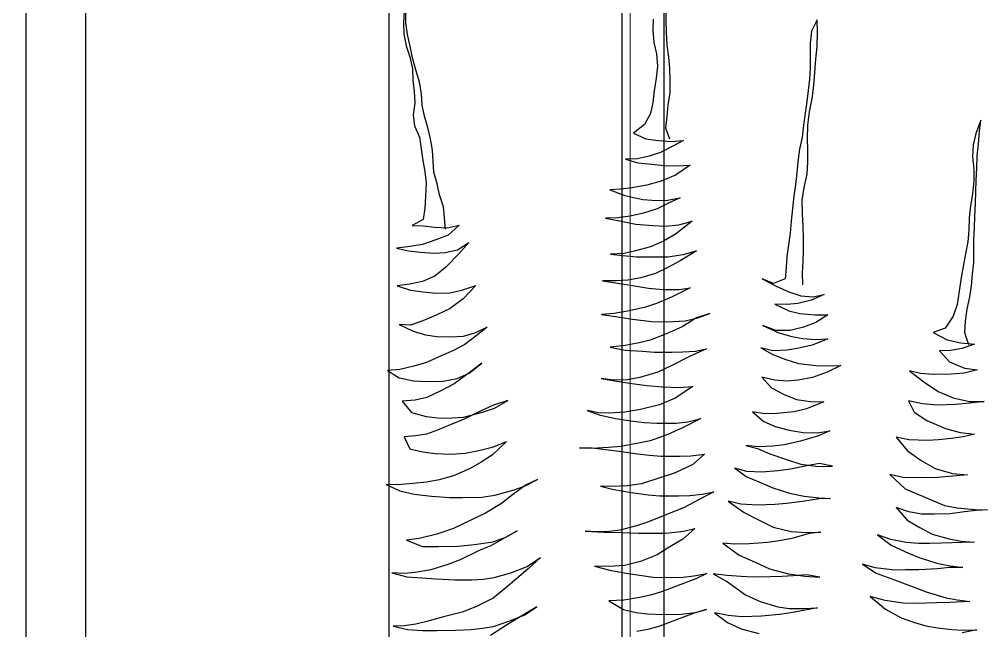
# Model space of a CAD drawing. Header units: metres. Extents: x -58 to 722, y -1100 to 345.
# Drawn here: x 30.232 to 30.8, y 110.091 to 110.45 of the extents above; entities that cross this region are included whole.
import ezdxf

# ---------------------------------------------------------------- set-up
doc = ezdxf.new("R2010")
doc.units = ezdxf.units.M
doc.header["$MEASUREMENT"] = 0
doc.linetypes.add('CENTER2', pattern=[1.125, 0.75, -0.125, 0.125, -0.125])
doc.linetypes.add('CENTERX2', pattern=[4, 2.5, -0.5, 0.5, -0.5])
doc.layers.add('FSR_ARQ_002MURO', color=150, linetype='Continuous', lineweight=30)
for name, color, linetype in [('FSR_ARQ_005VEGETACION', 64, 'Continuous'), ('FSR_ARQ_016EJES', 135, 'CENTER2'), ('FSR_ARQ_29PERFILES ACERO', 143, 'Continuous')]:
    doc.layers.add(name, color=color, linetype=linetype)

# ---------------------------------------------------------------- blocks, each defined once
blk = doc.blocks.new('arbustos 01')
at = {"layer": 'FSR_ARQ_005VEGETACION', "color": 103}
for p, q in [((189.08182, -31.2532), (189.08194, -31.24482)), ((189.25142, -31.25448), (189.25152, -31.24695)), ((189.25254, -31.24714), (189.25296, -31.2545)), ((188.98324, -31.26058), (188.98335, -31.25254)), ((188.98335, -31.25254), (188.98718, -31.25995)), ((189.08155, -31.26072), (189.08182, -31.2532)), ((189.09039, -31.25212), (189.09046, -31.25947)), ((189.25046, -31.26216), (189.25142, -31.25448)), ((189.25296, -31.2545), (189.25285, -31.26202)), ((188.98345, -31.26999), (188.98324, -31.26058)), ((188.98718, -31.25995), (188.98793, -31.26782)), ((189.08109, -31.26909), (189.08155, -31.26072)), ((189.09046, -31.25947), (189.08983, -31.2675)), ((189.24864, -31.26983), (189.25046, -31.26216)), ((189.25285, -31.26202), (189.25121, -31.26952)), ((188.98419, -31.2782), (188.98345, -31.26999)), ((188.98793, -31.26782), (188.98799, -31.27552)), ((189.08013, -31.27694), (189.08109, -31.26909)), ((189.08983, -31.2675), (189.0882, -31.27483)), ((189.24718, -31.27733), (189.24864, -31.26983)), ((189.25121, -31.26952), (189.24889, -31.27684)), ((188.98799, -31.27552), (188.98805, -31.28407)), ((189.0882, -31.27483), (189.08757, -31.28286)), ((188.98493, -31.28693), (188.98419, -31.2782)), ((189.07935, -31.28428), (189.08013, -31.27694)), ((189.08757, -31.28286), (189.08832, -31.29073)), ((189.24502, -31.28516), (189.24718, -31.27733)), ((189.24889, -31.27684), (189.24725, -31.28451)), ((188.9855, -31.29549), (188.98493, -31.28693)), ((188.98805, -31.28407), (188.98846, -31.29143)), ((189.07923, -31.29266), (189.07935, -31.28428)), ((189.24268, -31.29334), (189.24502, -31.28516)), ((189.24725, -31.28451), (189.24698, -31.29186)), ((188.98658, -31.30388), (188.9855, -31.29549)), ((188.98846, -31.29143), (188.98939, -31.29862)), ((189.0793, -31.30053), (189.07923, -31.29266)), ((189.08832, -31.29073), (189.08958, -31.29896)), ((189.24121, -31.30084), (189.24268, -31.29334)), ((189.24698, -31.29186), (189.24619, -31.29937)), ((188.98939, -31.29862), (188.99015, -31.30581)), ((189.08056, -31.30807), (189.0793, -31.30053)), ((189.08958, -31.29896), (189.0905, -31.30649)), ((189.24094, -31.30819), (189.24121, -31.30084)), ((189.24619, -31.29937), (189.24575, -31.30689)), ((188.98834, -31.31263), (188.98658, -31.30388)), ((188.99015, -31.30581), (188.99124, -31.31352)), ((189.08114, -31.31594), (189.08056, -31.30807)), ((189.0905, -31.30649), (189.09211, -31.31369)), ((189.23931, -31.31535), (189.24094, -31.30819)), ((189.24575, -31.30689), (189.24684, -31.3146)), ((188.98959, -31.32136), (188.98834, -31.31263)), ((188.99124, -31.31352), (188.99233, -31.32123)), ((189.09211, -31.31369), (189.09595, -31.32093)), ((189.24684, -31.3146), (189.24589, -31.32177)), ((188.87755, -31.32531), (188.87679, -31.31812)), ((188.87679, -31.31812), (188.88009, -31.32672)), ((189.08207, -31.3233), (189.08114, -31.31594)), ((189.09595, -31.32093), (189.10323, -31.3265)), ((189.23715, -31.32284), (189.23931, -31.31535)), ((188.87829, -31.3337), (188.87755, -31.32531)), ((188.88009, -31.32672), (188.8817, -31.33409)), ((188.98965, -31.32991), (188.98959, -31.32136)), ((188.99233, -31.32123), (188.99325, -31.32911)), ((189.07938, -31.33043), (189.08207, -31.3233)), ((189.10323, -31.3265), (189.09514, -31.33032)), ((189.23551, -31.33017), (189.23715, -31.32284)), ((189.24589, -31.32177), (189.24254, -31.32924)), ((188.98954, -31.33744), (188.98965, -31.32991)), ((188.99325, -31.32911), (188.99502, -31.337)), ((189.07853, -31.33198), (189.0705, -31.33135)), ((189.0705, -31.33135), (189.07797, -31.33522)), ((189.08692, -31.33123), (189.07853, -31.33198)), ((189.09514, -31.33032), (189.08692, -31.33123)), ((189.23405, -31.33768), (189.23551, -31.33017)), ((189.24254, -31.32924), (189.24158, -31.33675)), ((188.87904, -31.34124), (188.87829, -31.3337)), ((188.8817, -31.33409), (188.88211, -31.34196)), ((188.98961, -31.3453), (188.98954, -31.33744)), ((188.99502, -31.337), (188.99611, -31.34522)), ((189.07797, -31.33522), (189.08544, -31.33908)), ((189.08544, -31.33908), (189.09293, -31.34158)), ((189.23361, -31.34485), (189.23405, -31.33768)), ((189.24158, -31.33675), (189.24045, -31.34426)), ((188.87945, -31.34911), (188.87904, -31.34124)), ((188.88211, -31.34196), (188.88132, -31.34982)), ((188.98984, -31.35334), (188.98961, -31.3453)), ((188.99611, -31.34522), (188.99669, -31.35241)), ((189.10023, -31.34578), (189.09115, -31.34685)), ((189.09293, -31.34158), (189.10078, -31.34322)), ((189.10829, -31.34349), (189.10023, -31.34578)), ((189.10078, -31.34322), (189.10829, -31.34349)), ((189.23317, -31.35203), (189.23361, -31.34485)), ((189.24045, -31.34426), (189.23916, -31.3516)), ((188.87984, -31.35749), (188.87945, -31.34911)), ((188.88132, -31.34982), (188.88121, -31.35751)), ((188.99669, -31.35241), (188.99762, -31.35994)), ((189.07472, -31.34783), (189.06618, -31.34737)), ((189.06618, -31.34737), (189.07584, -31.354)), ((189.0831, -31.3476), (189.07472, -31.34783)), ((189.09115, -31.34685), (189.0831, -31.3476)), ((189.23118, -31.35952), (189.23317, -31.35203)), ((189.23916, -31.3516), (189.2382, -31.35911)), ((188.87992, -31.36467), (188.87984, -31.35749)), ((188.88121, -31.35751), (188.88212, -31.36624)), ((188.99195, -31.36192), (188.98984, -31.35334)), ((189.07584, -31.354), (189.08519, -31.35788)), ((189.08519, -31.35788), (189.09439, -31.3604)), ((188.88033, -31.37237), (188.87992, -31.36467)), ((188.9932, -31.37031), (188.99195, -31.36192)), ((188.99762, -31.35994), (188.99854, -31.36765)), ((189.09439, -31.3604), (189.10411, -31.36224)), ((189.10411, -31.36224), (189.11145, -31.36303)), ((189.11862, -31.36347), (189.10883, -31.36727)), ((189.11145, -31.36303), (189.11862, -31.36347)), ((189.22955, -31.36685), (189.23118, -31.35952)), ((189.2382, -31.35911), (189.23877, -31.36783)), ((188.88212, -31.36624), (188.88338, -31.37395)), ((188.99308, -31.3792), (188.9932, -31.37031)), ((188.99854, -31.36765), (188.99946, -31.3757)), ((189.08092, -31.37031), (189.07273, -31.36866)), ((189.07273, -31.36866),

* DIRECTIONS *
Repeat the data verbatim through the "-0.125, 0.125, -0.125])" line, no pictures.

* ANSWER AREA *
# Model space of a CAD drawing. Header units: metres. Extents: x -58 to 722, y -1100 to 345.
# Drawn here: x 30.232 to 30.8, y 110.091 to 110.45 of the extents above; entities that cross this region are included whole.
import ezdxf

# ---------------------------------------------------------------- set-up
doc = ezdxf.new("R2010")
doc.units = ezdxf.units.M
doc.header["$MEASUREMENT"] = 0
doc.linetypes.add('CENTER2', pattern=[1.125, 0.75, -0.125, 0.125, -0.125])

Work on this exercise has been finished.